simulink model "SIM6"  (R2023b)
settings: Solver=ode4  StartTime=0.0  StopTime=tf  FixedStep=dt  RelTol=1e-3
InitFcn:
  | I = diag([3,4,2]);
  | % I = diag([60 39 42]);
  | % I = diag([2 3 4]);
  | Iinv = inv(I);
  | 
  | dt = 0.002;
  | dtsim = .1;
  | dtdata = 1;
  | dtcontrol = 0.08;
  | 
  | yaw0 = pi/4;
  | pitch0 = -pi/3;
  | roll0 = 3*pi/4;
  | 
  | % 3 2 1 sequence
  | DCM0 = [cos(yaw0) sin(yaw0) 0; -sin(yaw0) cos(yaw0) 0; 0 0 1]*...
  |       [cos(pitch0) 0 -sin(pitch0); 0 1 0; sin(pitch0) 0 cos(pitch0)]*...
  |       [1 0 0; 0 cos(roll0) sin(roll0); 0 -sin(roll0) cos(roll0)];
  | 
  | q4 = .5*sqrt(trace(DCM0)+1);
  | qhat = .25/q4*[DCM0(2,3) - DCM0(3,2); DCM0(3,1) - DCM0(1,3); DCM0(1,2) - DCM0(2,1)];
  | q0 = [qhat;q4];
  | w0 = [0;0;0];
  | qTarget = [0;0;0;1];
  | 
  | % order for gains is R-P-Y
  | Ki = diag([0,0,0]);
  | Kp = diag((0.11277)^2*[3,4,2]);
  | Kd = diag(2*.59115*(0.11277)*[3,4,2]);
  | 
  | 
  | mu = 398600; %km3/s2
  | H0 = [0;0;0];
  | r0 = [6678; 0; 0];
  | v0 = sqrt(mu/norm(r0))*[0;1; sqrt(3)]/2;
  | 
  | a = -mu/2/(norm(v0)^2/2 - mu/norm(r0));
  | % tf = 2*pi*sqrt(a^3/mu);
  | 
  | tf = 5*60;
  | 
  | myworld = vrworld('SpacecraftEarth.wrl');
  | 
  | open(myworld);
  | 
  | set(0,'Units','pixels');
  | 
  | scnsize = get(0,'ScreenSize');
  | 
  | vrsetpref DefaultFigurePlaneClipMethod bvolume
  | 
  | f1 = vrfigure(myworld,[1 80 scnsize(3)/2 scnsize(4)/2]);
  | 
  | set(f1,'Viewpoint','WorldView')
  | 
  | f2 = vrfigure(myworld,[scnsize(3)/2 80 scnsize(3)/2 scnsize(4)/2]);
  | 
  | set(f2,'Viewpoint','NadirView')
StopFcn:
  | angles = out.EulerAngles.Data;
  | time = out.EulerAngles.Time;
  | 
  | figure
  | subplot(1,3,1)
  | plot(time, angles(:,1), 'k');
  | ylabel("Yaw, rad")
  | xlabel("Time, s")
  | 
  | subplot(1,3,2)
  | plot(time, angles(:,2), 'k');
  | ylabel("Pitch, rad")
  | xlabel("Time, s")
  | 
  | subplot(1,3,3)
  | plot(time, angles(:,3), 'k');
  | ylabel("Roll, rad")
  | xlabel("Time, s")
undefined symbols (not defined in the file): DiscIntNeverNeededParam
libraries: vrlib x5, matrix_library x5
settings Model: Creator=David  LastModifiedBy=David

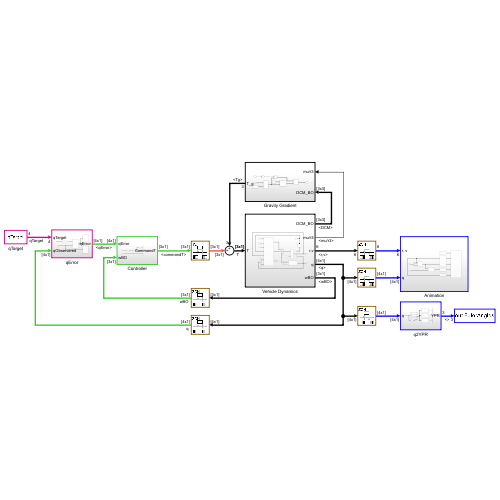
[thumbnail: Simulink's stored preview of the top-level diagram]
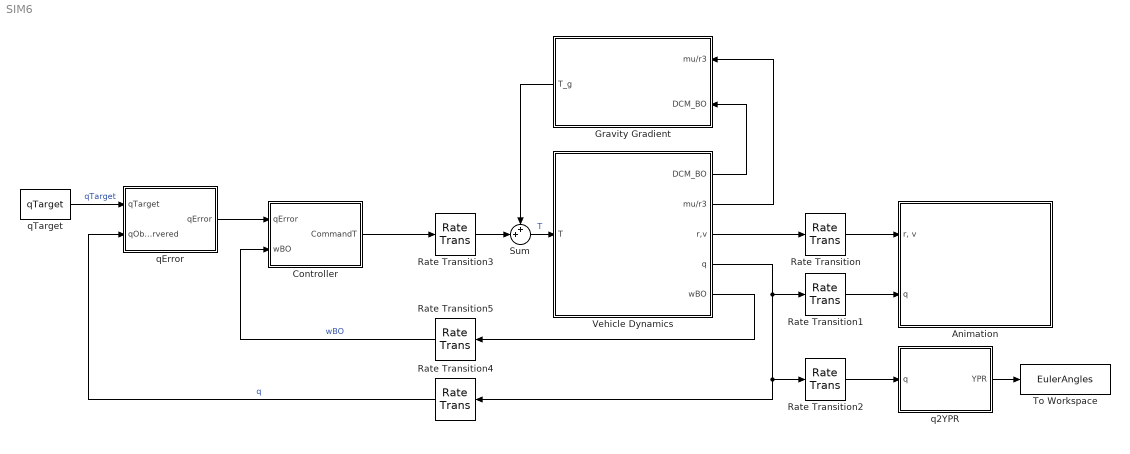
== system SIM6 ==
  Animation : Subsystem
  Controller : Subsystem
  Gravity Gradient : Subsystem
  Rate Transition : RateTransition  InitialCondition=[r0;v0]  OutPortSampleTime=dtsim
  Rate Transition1 : RateTransition  InitialCondition=q0  OutPortSampleTime=dtsim
  Rate Transition2 : RateTransition  InitialCondition=q0  OutPortSampleTime=dtdata
  Rate Transition3 : RateTransition  InitialCondition=[0;0;0]  OutPortSampleTime=dt
  Rate Transition4 : RateTransition  InitialCondition=q0  OutPortSampleTime=dtcontrol
  Rate Transition5 : RateTransition  InitialCondition=w0  OutPortSampleTime=dtcontrol
  Sum : Sum  Inputs=++|
  To Workspace : ToWorkspace  VariableName=EulerAngles  SaveFormat=Timeseries  SampleTime=-1
  Vehicle Dynamics : Subsystem
  q2YPR : Subsystem
  qError : Subsystem
  qTarget : Constant  Value=qTarget
  wires:
  Vehicle Dynamics/3(r,v) -> Rate Transition/1
  Vehicle Dynamics/4(q) -> Rate Transition2/1, Rate Transition4/1, Rate Transition1/1
  Rate Transition/1 -> Animation/1("r, v")
  Rate Transition1/1 -> Animation/2(q)
  Vehicle Dynamics/1(DCM_BO) -> Gravity Gradient/2(DCM_BO)
  Vehicle Dynamics/2(mu/r3) -> Gravity Gradient/1(mu/r3)
  q2YPR/1(YPR) -> To Workspace/1
  Rate Transition2/1 -> q2YPR/1(q)
  Sum/1 -> Vehicle Dynamics/1(T)  "T"
  Gravity Gradient/1(T_g) -> Sum/1
  Controller/1(CommandT) -> Rate Transition3/1
  Vehicle Dynamics/5(wBO) -> Rate Transition5/1
  Rate Transition3/1 -> Sum/2
  qError/1(qError) -> Controller/1(qError)
  qTarget/1 -> qError/1(qTarget)  "qTarget"
  Rate Transition4/1 -> qError/2(qObservered)  "q"
  Rate Transition5/1 -> Controller/2(wBO)  "wBO"

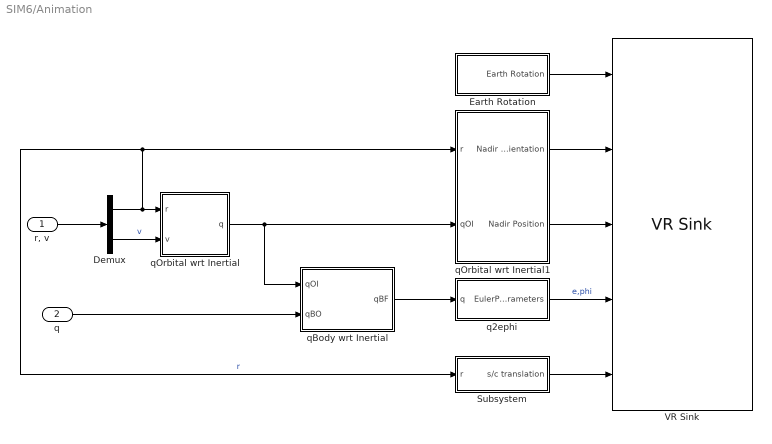
== system SIM6/Animation ==
  "r, v" : Inport
  q : Inport  Port=2
  Demux : Demux  Outputs=[3 3]
  Earth Rotation : Subsystem
  Subsystem : Subsystem
  VR Sink : vrlib/VR Sink  InstantiateOnLoad=on  SampleTime=dtsim  ViewEnable=on  RemoteChange=off  RemoteView=off  FieldsWritten=Earth.rotation.4.1.1.double#NadirView.orientation.4.1.1.double#NadirView.position.3.1.1.double#Spacecraft.rotation.4.1.1.double#Spacecraft.translation.3.1.1.double  WorldFileName=SpacecraftEarth.wrl  WorldDescription=The Earth - Low Resolution Model  AutoView=off  VideoDimensions=[]  AllowVariableSize=off
  q2ephi : Subsystem
  qBody wrt Inertial : Subsystem
  qOrbital wrt Inertial : Subsystem
  qOrbital wrt Inertial1 : Subsystem
  wires:
  "r, v"/1 -> Demux/1
  Demux/1 -> qOrbital wrt Inertial/1(r), Subsystem/1(r), qOrbital wrt Inertial1/1(r)  "r"
  Demux/2 -> qOrbital wrt Inertial/2(v)  "v"
  q/1 -> qBody wrt Inertial/2(qBO)
  qBody wrt Inertial/1(qBF) -> q2ephi/1(q)
  Earth Rotation/1(Earth Rotation) -> VR Sink/1
  q2ephi/1(EulerParameters) -> VR Sink/4  "e,phi"
  Subsystem/1(s/c translation) -> VR Sink/5
  qOrbital wrt Inertial1/1(Nadir Orientation) -> VR Sink/2
  qOrbital wrt Inertial1/2(Nadir Position) -> VR Sink/3
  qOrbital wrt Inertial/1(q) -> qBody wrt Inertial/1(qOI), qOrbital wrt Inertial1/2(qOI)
◇ ◇ ◇ ◇
#### PROBLEM:
Both the line containing "libraries: vrlib x5, matrix_library x5" and the line containing "Rate Transition4 : RateTransition" above belong in the output, as do the lines between them. Print them exactly, without pictures.

#### SOLUTION:
libraries: vrlib x5, matrix_library x5
settings Model: Creator=David  LastModifiedBy=David

[thumbnail: Simulink's stored preview of the top-level diagram]
== system SIM6 ==
  Animation : Subsystem
  Controller : Subsystem
  Gravity Gradient : Subsystem
  Rate Transition : RateTransition  InitialCondition=[r0;v0]  OutPortSampleTime=dtsim
  Rate Transition1 : RateTransition  InitialCondition=q0  OutPortSampleTime=dtsim
  Rate Transition2 : RateTransition  InitialCondition=q0  OutPortSampleTime=dtdata
  Rate Transition3 : RateTransition  InitialCondition=[0;0;0]  OutPortSampleTime=dt
  Rate Transition4 : RateTransition  InitialCondition=q0  OutPortSampleTime=dtcontrol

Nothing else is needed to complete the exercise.